▸ REQUIRED ACTION
Set down exactly the lines below between the line holding "#35=VECTOR('',#34,1.);" and the line holding "#40=EDGE_CURVE('E11',#39,#29,#37,.T.);", inclusive; no other line belongs in the answer.

▸ MATERIAL SUPPLIED
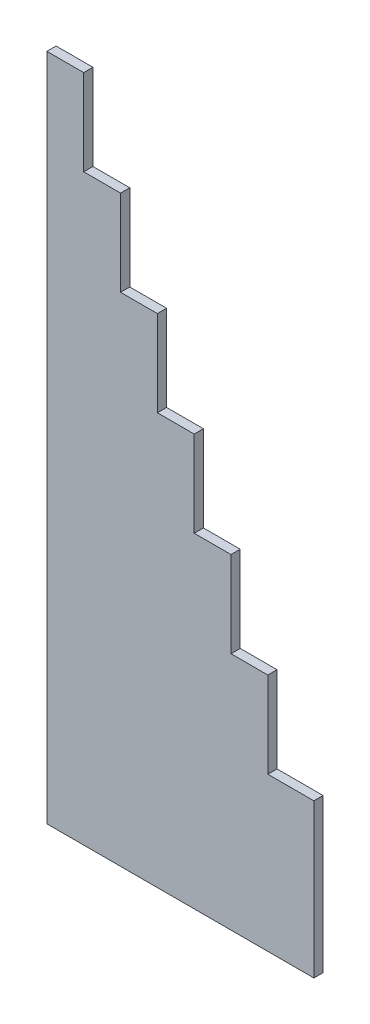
ISO-10303-21;
HEADER;
FILE_DESCRIPTION(('STEP AP214'),'2;1');
FILE_NAME('part.step','',(''),(''),'','','');
FILE_SCHEMA(('AUTOMOTIVE_DESIGN { 1 0 10303 214 1 1 1 1 }'));
ENDSEC;
DATA;
#1=APPLICATION_CONTEXT('core data for automotive mechanical design processes');
#2=APPLICATION_PROTOCOL_DEFINITION('international standard','automotive_design',2000,#1);
#3=PRODUCT_CONTEXT('',#1,'mechanical');
#4=PRODUCT('Part','Part','',(#3));
#5=PRODUCT_RELATED_PRODUCT_CATEGORY('part','',(#4));
#6=PRODUCT_DEFINITION_FORMATION('','',#4);
#7=PRODUCT_DEFINITION_CONTEXT('part definition',#1,'design');
#8=PRODUCT_DEFINITION('design','',#6,#7);
#9=PRODUCT_DEFINITION_SHAPE('','',#8);
#10=(LENGTH_UNIT() NAMED_UNIT(*) SI_UNIT(.MILLI.,.METRE.));
#11=(NAMED_UNIT(*) PLANE_ANGLE_UNIT() SI_UNIT($,.RADIAN.));
#12=(NAMED_UNIT(*) SI_UNIT($,.STERADIAN.) SOLID_ANGLE_UNIT());
#13=UNCERTAINTY_MEASURE_WITH_UNIT(LENGTH_MEASURE(1.E-05),#10,'distance_accuracy_value','');
#14=(GEOMETRIC_REPRESENTATION_CONTEXT(3) GLOBAL_UNCERTAINTY_ASSIGNED_CONTEXT((#13)) GLOBAL_UNIT_ASSIGNED_CONTEXT((#10,
#11,#12)) REPRESENTATION_CONTEXT('',''));
#15=CARTESIAN_POINT('',(0.,0.,0.));
#16=DIRECTION('',(0.,0.,1.));
#17=DIRECTION('',(1.,0.,0.));
#18=AXIS2_PLACEMENT_3D('',#15,#16,#17);
#19=CARTESIAN_POINT('',(72.0000000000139,-117.999999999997,-18.));
#20=DIRECTION('',(0.,1.,0.));
#21=DIRECTION('',(-1.,0.,0.));
#22=AXIS2_PLACEMENT_3D('',#19,#20,#21);
#23=PLANE('',#22);
#24=DIRECTION('',(-1.,0.,0.));
#25=VECTOR('',#24,1.);
#26=CARTESIAN_POINT('',(72.0000000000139,-117.999999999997,0.));
#27=LINE('',#26,#25);
#28=CARTESIAN_POINT('',(72.0000000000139,-117.999999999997,0.));
#29=VERTEX_POINT('',#28);
#30=CARTESIAN_POINT('',(1.22585146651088E-11,-117.999999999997,0.));
#31=VERTEX_POINT('',#30);
#32=EDGE_CURVE('E178',#29,#31,#27,.T.);
#33=ORIENTED_EDGE('',*,*,#32,.F.);
#34=DIRECTION('',(0.,0.,1.));
#35=VECTOR('',#34,1.);
#36=CARTESIAN_POINT('',(72.0000000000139,-117.999999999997,-18.));
#37=LINE('',#36,#35);
#38=CARTESIAN_POINT('',(72.0000000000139,-117.999999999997,-18.));
#39=VERTEX_POINT('',#38);
#40=EDGE_CURVE('E11',#39,#29,#37,.T.);
#41=ORIENTED_EDGE('',*,*,#40,.F.);
#42=DIRECTION('',(-1.,0.,0.));
#43=VECTOR('',#42,1.);
#44=CARTESIAN_POINT('',(72.0000000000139,-117.999999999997,-18.));
#45=LINE('',#44,#43);
#46=CARTESIAN_POINT('',(1.22585146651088E-11,-117.999999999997,-18.));
#47=VERTEX_POINT('',#46);
#48=EDGE_CURVE('E222',#39,#47,#45,.T.);
#49=ORIENTED_EDGE('',*,*,#48,.T.);
#50=DIRECTION('',(0.,0.,1.));
#51=VECTOR('',#50,1.);
#52=CARTESIAN_POINT('',(1.22585146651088E-11,-117.999999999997,-18.));
#53=LINE('',#52,#51);
#54=EDGE_CURVE('E36',#47,#31,#53,.T.);
#55=ORIENTED_EDGE('',*,*,#54,.T.);
#56=EDGE_LOOP('',(#33,#41,#49,#55));
#57=FACE_BOUND('',#56,.T.);
#58=ADVANCED_FACE('F33',(#57),#23,.T.);
#59=CARTESIAN_POINT('',(72.0000000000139,-285.999999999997,-18.));
#60=DIRECTION('',(1.,0.,0.));
#61=DIRECTION('',(0.,0.,-1.));
#62=AXIS2_PLACEMENT_3D('',#59,#60,#61);
#63=PLANE('',#62);
#64=DIRECTION('',(0.,1.,0.));
#65=VECTOR('',#64,1.);
#66=CARTESIAN_POINT('',(72.0000000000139,-285.999999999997,0.));
#67=LINE('',#66,#65);
#68=CARTESIAN_POINT('',(72.0000000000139,-285.999999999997,0.));
#69=VERTEX_POINT('',#68);
#70=EDGE_CURVE('E220',#69,#29,#67,.T.);
#71=ORIENTED_EDGE('',*,*,#70,.F.);
#72=DIRECTION('',(0.,0.,1.));
#73=VECTOR('',#72,1.);
#74=CARTESIAN_POINT('',(72.0000000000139,-285.999999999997,-18.));
#75=LINE('',#74,#73);
#76=CARTESIAN_POINT('',(72.0000000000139,-285.999999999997,-18.));
#77=VERTEX_POINT('',#76);
#78=EDGE_CURVE('E42',#77,#69,#75,.T.);
#79=ORIENTED_EDGE('',*,*,#78,.F.);
#80=DIRECTION('',(0.,1.,0.));
#81=VECTOR('',#80,1.);
#82=CARTESIAN_POINT('',(72.0000000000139,-285.999999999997,-18.));
#83=LINE('',#82,#81);
#84=EDGE_CURVE('E168',#77,#39,#83,.T.);
#85=ORIENTED_EDGE('',*,*,#84,.T.);
#86=ORIENTED_EDGE('',*,*,#40,.T.);
#87=EDGE_LOOP('',(#71,#79,#85,#86));
#88=FACE_BOUND('',#87,.T.);
#89=ADVANCED_FACE('F250',(#88),#63,.T.);
#90=CARTESIAN_POINT('',(144.000000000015,-285.999999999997,-18.));
#91=DIRECTION('',(0.,1.,0.));
#92=DIRECTION('',(0.,0.,1.));
#93=AXIS2_PLACEMENT_3D('',#90,#91,#92);
#94=PLANE('',#93);
#95=DIRECTION('',(-1.,0.,0.));
#96=VECTOR('',#95,1.);
#97=CARTESIAN_POINT('',(144.000000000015,-285.999999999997,0.));
#98=LINE('',#97,#96);
#99=CARTESIAN_POINT('',(144.000000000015,-285.999999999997,0.));
#100=VERTEX_POINT('',#99);
#101=EDGE_CURVE('E155',#100,#69,#98,.T.);
#102=ORIENTED_EDGE('',*,*,#101,.F.);
#103=DIRECTION('',(0.,0.,1.));
#104=VECTOR('',#103,1.);
#105=CARTESIAN_POINT('',(144.000000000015,-285.999999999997,-18.));
#106=LINE('',#105,#104);
#107=CARTESIAN_POINT('',(144.000000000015,-285.999999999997,-18.));
#108=VERTEX_POINT('',#107);
#109=EDGE_CURVE('E150',#108,#100,#106,.T.);
#110=ORIENTED_EDGE('',*,*,#109,.F.);
#111=DIRECTION('',(-1.,0.,0.));
#112=VECTOR('',#111,1.);
#113=CARTESIAN_POINT('',(144.000000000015,-285.999999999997,-18.));
#114=LINE('',#113,#112);
#115=EDGE_CURVE('E153',#108,#77,#114,.T.);
#116=ORIENTED_EDGE('',*,*,#115,.T.);
#117=ORIENTED_EDGE('',*,*,#78,.T.);
#118=EDGE_LOOP('',(#102,#110,#116,#117));
#119=FACE_BOUND('',#118,.T.);
#120=ADVANCED_FACE('F152',(#119),#94,.T.);
#121=CARTESIAN_POINT('',(144.000000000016,-453.999999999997,-18.));
#122=DIRECTION('',(1.,0.,0.));
#123=DIRECTION('',(0.,1.,0.));
#124=AXIS2_PLACEMENT_3D('',#121,#122,#123);
#125=PLANE('',#124);
#126=DIRECTION('',(0.,1.,0.));
#127=VECTOR('',#126,1.);
#128=CARTESIAN_POINT('',(144.000000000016,-453.999999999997,0.));
#129=LINE('',#128,#127);
#130=CARTESIAN_POINT('',(144.000000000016,-453.999999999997,0.));
#131=VERTEX_POINT('',#130);
#132=EDGE_CURVE('E217',#131,#100,#129,.T.);
#133=ORIENTED_EDGE('',*,*,#132,.F.);
#134=DIRECTION('',(0.,0.,1.));
#135=VECTOR('',#134,1.);
#136=CARTESIAN_POINT('',(144.000000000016,-453.999999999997,-18.));
#137=LINE('',#136,#135);
#138=CARTESIAN_POINT('',(144.000000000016,-453.999999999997,-18.));
#139=VERTEX_POINT('',#138);
#140=EDGE_CURVE('E160',#139,#131,#137,.T.);
#141=ORIENTED_EDGE('',*,*,#140,.F.);
#142=DIRECTION('',(0.,1.,0.));
#143=VECTOR('',#142,1.);
#144=CARTESIAN_POINT('',(144.000000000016,-453.999999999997,-18.));
#145=LINE('',#144,#143);
#146=EDGE_CURVE('E166',#139,#108,#145,.T.);
#147=ORIENTED_EDGE('',*,*,#146,.T.);
#148=ORIENTED_EDGE('',*,*,#109,.T.);
#149=EDGE_LOOP('',(#133,#141,#147,#148));
#150=FACE_BOUND('',#149,.T.);
#151=ADVANCED_FACE('F170',(#150),#125,.T.);
#152=CARTESIAN_POINT('',(216.000000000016,-453.999999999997,-18.));
#153=DIRECTION('',(0.,1.,0.));
#154=DIRECTION('',(0.,0.,1.));
#155=AXIS2_PLACEMENT_3D('',#152,#153,#154);
#156=PLANE('',#155);
#157=DIRECTION('',(-1.,0.,0.));
#158=VECTOR('',#157,1.);
#159=CARTESIAN_POINT('',(216.000000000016,-453.999999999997,0.));
#160=LINE('',#159,#158);
#161=CARTESIAN_POINT('',(216.000000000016,-453.999999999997,0.));
#162=VERTEX_POINT('',#161);
#163=EDGE_CURVE('E214',#162,#131,#160,.T.);
#164=ORIENTED_EDGE('',*,*,#163,.F.);
#165=DIRECTION('',(0.,0.,1.));
#166=VECTOR('',#165,1.);
#167=CARTESIAN_POINT('',(216.000000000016,-453.999999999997,-18.));
#168=LINE('',#167,#166);
#169=CARTESIAN_POINT('',(216.000000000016,-453.999999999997,-18.));
#170=VERTEX_POINT('',#169);
#171=EDGE_CURVE('E226',#170,#162,#168,.T.);
#172=ORIENTED_EDGE('',*,*,#171,.F.);
#173=DIRECTION('',(-1.,0.,0.));
#174=VECTOR('',#173,1.);
#175=CARTESIAN_POINT('',(216.000000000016,-453.999999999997,-18.));
#176=LINE('',#175,#174);
#177=EDGE_CURVE('E171',#170,#139,#176,.T.);
#178=ORIENTED_EDGE('',*,*,#177,.T.);
#179=ORIENTED_EDGE('',*,*,#140,.T.);
#180=EDGE_LOOP('',(#164,#172,#178,#179));
#181=FACE_BOUND('',#180,.T.);
#182=ADVANCED_FACE('F263',(#181),#156,.T.);
#183=CARTESIAN_POINT('',(216.000000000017,-621.999999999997,-18.));
#184=DIRECTION('',(1.,0.,0.));
#185=DIRECTION('',(0.,1.,0.));
#186=AXIS2_PLACEMENT_3D('',#183,#184,#185);
#187=PLANE('',#186);
#188=DIRECTION('',(0.,1.,0.));
#189=VECTOR('',#188,1.);
#190=CARTESIAN_POINT('',(216.000000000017,-621.999999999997,0.));
#191=LINE('',#190,#189);
#192=CARTESIAN_POINT('',(216.000000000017,-621.999999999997,0.));
#193=VERTEX_POINT('',#192);
#194=EDGE_CURVE('E211',#193,#162,#191,.T.);
#195=ORIENTED_EDGE('',*,*,#194,.F.);
#196=DIRECTION('',(0.,0.,1.));
#197=VECTOR('',#196,1.);
#198=CARTESIAN_POINT('',(216.000000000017,-621.999999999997,-18.));
#199=LINE('',#198,#197);
#200=CARTESIAN_POINT('',(216.000000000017,-621.999999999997,-18.));
#201=VERTEX_POINT('',#200);
#202=EDGE_CURVE('E228',#201,#193,#199,.T.);
#203=ORIENTED_EDGE('',*,*,#202,.F.);
#204=DIRECTION('',(0.,1.,0.));
#205=VECTOR('',#204,1.);
#206=CARTESIAN_POINT('',(216.000000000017,-621.999999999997,-18.));
#207=LINE('',#206,#205);
#208=EDGE_CURVE('E173',#201,#170,#207,.T.);
#209=ORIENTED_EDGE('',*,*,#208,.T.);
#210=ORIENTED_EDGE('',*,*,#171,.T.);
#211=EDGE_LOOP('',(#195,#203,#209,#210));
#212=FACE_BOUND('',#211,.T.);
#213=ADVANCED_FACE('F266',(#212),#187,.T.);
#214=CARTESIAN_POINT('',(288.000000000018,-621.999999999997,-18.));
#215=DIRECTION('',(0.,1.,0.));
#216=DIRECTION('',(0.,0.,1.));
#217=AXIS2_PLACEMENT_3D('',#214,#215,#216);
#218=PLANE('',#217);
#219=DIRECTION('',(-1.,0.,0.));
#220=VECTOR('',#219,1.);
#221=CARTESIAN_POINT('',(288.000000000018,-621.999999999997,0.));
#222=LINE('',#221,#220);
#223=CARTESIAN_POINT('',(288.000000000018,-621.999999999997,0.));
#224=VERTEX_POINT('',#223);
#225=EDGE_CURVE('E208',#224,#193,#222,.T.);
#226=ORIENTED_EDGE('',*,*,#225,.F.);
#227=DIRECTION('',(0.,0.,1.));
#228=VECTOR('',#227,1.);
#229=CARTESIAN_POINT('',(288.000000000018,-621.999999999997,-18.));
#230=LINE('',#229,#228);
#231=CARTESIAN_POINT('',(288.000000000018,-621.999999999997,-18.));
#232=VERTEX_POINT('',#231);
#233=EDGE_CURVE('E230',#232,#224,#230,.T.);
#234=ORIENTED_EDGE('',*,*,#233,.F.);
#235=DIRECTION('',(-1.,0.,0.));
#236=VECTOR('',#235,1.);
#237=CARTESIAN_POINT('',(288.000000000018,-621.999999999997,-18.));
#238=LINE('',#237,#236);
#239=EDGE_CURVE('E447',#232,#201,#238,.T.);
#240=ORIENTED_EDGE('',*,*,#239,.T.);
#241=ORIENTED_EDGE('',*,*,#202,.T.);
#242=EDGE_LOOP('',(#226,#234,#240,#241));
#243=FACE_BOUND('',#242,.T.);
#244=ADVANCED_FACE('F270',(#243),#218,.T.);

▸ REPLY
#35=VECTOR('',#34,1.);
#36=CARTESIAN_POINT('',(72.0000000000139,-117.999999999997,-18.));
#37=LINE('',#36,#35);
#38=CARTESIAN_POINT('',(72.0000000000139,-117.999999999997,-18.));
#39=VERTEX_POINT('',#38);
#40=EDGE_CURVE('E11',#39,#29,#37,.T.);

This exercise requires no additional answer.